Work task —
Please copy out every line of the listing below in which the word "Inport" appears.
-- Material for the task follows --
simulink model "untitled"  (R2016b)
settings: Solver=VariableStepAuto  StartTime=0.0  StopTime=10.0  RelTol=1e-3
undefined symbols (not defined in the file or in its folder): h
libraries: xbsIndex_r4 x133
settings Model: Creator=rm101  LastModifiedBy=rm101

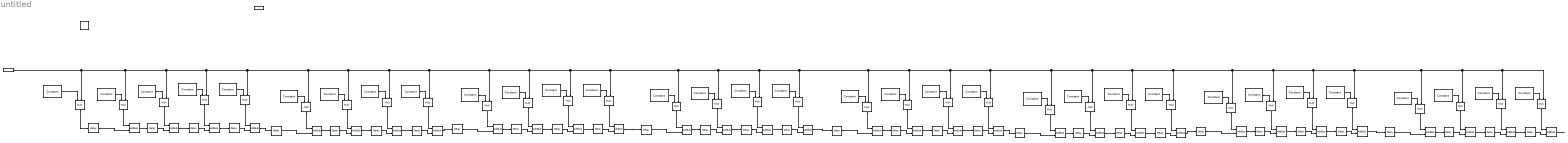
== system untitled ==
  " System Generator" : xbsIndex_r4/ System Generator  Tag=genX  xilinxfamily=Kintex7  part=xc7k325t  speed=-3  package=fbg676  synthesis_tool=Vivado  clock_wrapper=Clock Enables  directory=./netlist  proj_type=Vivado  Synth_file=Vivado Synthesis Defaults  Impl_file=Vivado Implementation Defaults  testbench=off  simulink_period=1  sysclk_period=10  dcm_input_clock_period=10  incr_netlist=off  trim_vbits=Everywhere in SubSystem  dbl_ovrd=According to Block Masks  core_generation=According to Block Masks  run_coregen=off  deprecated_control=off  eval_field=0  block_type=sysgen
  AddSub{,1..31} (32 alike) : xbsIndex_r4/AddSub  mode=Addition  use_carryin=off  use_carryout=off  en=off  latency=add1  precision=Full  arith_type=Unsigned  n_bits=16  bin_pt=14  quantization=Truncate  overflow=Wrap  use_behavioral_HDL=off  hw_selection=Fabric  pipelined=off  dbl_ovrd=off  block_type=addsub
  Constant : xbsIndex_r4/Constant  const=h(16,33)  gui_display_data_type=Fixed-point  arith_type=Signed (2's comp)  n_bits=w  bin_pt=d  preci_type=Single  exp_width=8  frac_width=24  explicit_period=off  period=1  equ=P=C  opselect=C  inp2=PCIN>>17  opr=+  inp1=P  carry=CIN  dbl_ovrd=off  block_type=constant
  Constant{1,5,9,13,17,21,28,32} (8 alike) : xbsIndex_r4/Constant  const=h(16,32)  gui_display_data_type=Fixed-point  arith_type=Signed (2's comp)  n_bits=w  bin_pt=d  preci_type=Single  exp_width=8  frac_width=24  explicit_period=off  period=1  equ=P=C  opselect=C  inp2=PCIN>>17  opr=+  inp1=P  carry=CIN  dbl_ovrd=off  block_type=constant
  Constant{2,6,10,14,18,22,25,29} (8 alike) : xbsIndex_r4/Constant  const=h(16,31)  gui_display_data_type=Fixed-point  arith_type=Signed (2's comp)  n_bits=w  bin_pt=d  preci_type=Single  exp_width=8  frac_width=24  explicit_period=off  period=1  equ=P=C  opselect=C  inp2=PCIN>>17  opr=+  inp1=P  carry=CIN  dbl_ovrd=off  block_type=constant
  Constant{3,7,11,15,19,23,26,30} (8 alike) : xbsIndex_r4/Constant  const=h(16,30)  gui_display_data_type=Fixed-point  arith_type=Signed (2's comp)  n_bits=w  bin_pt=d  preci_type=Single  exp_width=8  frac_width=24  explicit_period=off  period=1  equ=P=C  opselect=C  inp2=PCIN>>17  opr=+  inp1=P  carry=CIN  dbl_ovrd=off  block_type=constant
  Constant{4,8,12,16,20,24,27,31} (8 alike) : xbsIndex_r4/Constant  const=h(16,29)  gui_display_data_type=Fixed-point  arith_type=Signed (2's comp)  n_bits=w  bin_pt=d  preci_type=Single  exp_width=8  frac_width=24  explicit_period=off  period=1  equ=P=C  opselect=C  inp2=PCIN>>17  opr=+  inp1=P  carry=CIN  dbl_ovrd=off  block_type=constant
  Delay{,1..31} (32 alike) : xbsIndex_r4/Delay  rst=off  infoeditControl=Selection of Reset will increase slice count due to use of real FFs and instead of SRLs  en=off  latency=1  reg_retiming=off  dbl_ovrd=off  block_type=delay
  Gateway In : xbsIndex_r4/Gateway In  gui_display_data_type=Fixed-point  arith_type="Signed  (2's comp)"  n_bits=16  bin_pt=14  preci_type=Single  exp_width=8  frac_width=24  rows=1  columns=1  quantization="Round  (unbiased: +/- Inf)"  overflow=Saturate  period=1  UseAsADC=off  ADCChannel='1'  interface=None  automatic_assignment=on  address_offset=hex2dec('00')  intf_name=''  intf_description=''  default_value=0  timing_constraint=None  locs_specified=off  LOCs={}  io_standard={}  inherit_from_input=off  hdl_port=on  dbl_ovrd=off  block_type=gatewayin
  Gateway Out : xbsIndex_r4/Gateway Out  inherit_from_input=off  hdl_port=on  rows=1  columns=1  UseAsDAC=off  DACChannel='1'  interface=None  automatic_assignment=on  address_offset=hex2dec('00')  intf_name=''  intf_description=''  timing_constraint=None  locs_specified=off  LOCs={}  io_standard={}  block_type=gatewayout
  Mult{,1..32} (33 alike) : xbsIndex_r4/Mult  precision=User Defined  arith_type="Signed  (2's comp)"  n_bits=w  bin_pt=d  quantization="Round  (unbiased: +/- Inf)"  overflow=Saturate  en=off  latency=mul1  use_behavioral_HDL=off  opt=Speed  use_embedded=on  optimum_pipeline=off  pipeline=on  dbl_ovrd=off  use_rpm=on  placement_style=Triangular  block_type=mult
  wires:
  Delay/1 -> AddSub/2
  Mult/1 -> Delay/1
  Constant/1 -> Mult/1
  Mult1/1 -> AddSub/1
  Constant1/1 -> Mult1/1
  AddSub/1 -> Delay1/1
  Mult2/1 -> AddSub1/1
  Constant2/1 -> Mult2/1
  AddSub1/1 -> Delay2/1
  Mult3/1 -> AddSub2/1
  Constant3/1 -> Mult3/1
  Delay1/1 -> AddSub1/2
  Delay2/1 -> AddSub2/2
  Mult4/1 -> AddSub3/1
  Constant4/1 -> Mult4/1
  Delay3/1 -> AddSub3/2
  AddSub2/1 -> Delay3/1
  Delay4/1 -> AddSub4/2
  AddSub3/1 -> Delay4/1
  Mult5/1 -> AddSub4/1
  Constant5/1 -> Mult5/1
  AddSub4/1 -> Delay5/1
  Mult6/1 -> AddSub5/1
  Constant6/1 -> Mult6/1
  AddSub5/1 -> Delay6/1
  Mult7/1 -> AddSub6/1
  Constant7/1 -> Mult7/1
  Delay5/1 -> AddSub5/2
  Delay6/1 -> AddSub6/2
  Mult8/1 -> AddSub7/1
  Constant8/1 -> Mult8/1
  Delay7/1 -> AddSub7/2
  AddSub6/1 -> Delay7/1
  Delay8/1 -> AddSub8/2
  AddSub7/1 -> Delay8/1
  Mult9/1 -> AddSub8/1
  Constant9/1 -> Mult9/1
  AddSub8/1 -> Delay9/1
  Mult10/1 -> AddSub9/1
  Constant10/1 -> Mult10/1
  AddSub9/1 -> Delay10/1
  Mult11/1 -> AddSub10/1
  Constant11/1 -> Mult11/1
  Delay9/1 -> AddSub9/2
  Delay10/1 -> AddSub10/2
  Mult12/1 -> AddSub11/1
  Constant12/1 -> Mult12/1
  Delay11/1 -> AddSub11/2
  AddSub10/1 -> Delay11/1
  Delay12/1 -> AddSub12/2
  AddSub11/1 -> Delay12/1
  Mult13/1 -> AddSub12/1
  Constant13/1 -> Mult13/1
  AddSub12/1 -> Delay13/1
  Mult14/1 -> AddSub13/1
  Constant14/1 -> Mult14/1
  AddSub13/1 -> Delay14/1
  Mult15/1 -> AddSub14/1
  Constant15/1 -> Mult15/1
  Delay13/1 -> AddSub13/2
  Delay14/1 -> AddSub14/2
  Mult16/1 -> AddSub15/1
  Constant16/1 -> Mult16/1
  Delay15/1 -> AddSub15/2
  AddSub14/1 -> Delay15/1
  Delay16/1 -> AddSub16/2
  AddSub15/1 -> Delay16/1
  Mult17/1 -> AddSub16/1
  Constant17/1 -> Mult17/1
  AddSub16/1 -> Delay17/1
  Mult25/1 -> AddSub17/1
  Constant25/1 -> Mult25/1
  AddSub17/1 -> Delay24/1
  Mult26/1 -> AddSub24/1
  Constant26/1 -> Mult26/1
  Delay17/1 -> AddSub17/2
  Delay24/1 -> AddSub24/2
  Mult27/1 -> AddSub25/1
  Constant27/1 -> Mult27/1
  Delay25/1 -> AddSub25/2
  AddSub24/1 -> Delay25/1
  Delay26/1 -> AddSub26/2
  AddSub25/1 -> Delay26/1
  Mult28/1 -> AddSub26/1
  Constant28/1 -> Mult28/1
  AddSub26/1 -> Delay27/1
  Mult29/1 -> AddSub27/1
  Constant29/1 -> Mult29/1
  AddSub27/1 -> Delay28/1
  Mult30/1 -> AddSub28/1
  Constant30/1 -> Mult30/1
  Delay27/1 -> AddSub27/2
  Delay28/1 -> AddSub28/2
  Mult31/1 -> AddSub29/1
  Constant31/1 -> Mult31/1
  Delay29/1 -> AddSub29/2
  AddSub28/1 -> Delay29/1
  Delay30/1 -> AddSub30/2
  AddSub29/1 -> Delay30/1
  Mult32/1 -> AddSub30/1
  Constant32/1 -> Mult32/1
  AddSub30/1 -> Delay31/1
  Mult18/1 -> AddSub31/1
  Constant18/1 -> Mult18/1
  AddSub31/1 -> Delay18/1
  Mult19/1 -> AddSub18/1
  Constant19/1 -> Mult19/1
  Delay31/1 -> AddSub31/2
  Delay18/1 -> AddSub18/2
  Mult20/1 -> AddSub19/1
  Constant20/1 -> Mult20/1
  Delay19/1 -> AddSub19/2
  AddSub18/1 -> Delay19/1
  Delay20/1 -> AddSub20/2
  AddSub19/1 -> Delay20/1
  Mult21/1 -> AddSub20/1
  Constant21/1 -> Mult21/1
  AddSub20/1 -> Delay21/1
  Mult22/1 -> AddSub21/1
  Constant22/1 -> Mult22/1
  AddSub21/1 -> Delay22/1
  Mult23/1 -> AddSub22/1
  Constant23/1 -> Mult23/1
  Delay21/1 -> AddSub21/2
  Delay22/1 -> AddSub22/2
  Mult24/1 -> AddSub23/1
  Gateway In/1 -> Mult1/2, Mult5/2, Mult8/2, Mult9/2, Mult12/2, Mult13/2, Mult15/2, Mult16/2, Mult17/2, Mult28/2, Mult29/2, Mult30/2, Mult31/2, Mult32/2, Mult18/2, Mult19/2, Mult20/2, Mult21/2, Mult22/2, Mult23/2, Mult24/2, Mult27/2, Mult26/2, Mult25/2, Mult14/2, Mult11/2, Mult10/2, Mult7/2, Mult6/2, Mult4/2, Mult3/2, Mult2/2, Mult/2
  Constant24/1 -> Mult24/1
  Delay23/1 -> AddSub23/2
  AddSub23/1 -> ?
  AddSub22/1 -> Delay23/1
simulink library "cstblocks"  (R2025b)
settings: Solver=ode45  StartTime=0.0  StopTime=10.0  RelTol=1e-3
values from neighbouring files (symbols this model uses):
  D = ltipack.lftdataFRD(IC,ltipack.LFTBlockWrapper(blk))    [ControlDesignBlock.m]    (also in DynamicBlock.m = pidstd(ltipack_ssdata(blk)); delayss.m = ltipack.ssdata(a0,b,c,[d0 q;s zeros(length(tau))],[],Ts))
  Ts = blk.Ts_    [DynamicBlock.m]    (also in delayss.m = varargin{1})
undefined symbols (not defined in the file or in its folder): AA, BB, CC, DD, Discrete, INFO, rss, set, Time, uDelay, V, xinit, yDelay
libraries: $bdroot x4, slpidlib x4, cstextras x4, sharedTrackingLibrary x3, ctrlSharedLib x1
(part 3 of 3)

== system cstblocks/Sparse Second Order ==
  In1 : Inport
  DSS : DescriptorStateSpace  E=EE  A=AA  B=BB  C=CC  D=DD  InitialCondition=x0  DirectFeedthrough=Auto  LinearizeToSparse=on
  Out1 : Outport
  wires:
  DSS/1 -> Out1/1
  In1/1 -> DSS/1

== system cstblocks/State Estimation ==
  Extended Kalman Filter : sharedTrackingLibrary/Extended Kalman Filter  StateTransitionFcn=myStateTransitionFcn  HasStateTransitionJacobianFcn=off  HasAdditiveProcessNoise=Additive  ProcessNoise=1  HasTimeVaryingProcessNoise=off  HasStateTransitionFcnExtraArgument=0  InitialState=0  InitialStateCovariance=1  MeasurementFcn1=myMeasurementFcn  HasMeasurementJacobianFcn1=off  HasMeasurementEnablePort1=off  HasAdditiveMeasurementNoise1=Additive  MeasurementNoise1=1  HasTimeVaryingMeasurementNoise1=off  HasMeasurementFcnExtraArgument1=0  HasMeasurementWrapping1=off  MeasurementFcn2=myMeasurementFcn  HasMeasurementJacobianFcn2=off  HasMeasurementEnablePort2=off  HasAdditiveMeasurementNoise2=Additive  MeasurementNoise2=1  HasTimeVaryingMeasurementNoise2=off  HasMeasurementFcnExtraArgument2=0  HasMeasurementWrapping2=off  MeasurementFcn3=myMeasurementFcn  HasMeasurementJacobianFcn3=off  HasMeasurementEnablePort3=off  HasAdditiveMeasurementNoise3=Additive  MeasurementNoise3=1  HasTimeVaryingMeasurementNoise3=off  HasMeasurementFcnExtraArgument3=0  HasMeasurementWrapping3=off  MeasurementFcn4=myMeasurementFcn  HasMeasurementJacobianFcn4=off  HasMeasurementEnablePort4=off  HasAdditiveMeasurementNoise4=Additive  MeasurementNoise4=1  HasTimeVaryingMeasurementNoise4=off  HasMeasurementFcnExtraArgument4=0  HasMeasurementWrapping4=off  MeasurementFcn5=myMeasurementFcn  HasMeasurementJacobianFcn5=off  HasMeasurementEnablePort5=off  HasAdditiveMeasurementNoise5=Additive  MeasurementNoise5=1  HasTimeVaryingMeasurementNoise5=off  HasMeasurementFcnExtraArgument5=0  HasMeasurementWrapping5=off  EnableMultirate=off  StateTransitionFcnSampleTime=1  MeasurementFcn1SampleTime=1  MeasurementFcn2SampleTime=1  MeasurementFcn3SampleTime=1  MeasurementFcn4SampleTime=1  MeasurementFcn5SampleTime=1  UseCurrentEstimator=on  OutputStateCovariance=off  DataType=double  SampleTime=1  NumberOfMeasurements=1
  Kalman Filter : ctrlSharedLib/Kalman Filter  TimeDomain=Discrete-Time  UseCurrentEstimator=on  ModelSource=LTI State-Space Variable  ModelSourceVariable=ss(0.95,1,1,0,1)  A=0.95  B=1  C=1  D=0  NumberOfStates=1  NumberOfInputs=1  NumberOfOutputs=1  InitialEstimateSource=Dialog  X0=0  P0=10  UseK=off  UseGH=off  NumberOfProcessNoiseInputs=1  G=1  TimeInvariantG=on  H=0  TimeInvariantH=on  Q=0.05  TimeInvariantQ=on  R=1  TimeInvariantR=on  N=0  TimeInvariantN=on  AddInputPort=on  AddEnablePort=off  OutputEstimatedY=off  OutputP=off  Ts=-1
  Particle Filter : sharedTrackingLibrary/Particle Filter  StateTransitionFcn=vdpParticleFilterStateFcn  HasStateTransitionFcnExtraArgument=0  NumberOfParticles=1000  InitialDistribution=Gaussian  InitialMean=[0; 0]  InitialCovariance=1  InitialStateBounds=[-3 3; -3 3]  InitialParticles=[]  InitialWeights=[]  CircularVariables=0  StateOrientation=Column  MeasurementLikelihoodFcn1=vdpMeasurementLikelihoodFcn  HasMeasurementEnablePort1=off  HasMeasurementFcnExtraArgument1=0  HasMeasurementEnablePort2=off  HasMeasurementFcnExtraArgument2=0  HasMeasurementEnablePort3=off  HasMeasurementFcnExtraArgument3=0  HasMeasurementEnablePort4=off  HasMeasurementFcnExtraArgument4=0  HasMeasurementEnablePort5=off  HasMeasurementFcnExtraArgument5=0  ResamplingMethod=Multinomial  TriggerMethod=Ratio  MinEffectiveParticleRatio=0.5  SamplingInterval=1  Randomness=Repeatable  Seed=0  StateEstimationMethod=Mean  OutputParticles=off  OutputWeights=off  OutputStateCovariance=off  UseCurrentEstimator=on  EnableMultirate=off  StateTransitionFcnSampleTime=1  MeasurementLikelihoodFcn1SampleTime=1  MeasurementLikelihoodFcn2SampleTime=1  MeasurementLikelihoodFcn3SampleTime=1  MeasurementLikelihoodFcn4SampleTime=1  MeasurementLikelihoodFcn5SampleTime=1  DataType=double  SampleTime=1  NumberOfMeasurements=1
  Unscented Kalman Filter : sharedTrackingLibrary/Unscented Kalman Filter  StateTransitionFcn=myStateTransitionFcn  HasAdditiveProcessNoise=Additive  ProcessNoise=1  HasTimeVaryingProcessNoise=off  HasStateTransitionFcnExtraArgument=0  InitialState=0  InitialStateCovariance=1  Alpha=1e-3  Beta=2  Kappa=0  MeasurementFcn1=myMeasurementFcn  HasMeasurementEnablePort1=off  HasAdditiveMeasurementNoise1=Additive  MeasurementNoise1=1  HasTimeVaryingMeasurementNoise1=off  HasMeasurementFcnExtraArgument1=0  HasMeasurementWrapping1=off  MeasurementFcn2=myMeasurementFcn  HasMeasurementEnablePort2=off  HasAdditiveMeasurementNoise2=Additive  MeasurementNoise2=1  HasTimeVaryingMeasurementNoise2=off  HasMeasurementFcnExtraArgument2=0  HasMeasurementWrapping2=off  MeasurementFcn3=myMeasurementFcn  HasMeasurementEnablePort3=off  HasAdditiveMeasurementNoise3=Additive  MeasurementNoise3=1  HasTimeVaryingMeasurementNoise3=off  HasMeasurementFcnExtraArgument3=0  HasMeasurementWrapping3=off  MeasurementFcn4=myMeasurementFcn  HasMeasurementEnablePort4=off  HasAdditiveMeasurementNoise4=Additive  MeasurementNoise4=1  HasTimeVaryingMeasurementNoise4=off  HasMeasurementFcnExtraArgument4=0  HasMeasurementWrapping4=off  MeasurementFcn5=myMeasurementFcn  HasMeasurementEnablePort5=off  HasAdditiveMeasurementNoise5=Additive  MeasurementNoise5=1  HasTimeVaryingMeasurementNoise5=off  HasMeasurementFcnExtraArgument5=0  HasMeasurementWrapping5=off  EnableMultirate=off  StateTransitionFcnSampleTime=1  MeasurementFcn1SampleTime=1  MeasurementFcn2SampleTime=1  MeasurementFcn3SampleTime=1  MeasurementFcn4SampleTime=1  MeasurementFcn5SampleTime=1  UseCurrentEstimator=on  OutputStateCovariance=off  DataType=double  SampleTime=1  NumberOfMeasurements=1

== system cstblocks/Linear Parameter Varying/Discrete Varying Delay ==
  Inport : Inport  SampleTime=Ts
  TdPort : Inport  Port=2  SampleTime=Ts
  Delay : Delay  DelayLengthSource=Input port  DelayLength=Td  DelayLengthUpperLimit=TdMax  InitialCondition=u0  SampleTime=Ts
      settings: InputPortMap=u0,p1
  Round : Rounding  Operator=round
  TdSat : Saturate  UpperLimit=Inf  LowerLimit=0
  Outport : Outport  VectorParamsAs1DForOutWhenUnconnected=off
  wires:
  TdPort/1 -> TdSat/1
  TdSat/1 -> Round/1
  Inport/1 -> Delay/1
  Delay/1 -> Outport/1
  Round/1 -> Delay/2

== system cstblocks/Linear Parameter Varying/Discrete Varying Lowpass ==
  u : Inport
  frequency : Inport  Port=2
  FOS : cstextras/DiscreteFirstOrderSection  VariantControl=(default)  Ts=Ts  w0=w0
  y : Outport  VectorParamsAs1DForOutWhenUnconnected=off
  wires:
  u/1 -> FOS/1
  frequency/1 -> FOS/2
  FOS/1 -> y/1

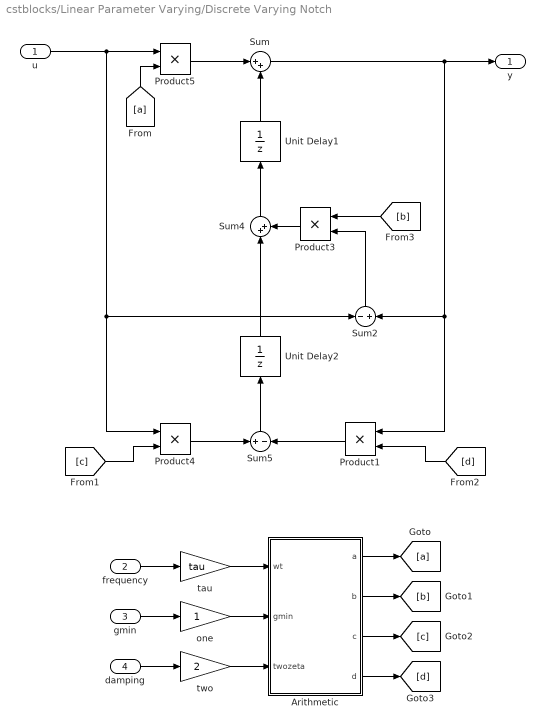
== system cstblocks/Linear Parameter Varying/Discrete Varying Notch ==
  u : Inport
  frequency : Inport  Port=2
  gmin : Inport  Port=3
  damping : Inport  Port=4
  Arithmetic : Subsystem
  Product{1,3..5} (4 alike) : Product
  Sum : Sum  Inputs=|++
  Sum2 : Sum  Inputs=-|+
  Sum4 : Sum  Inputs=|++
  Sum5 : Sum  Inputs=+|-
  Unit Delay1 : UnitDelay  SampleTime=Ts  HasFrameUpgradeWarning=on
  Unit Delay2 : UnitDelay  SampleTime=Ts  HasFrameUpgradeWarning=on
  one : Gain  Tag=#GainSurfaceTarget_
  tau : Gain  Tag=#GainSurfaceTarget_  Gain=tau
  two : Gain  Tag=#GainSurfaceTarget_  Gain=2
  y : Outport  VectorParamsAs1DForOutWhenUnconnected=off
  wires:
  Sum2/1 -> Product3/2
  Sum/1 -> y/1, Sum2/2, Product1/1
-- Material for the task concluded --
Answer to this problem —
  In1 : Inport
  Inport : Inport  SampleTime=Ts
  TdPort : Inport  Port=2  SampleTime=Ts
  Inport/1 -> Delay/1
  u : Inport
  frequency : Inport  Port=2
  u : Inport
  frequency : Inport  Port=2
  gmin : Inport  Port=3
  damping : Inport  Port=4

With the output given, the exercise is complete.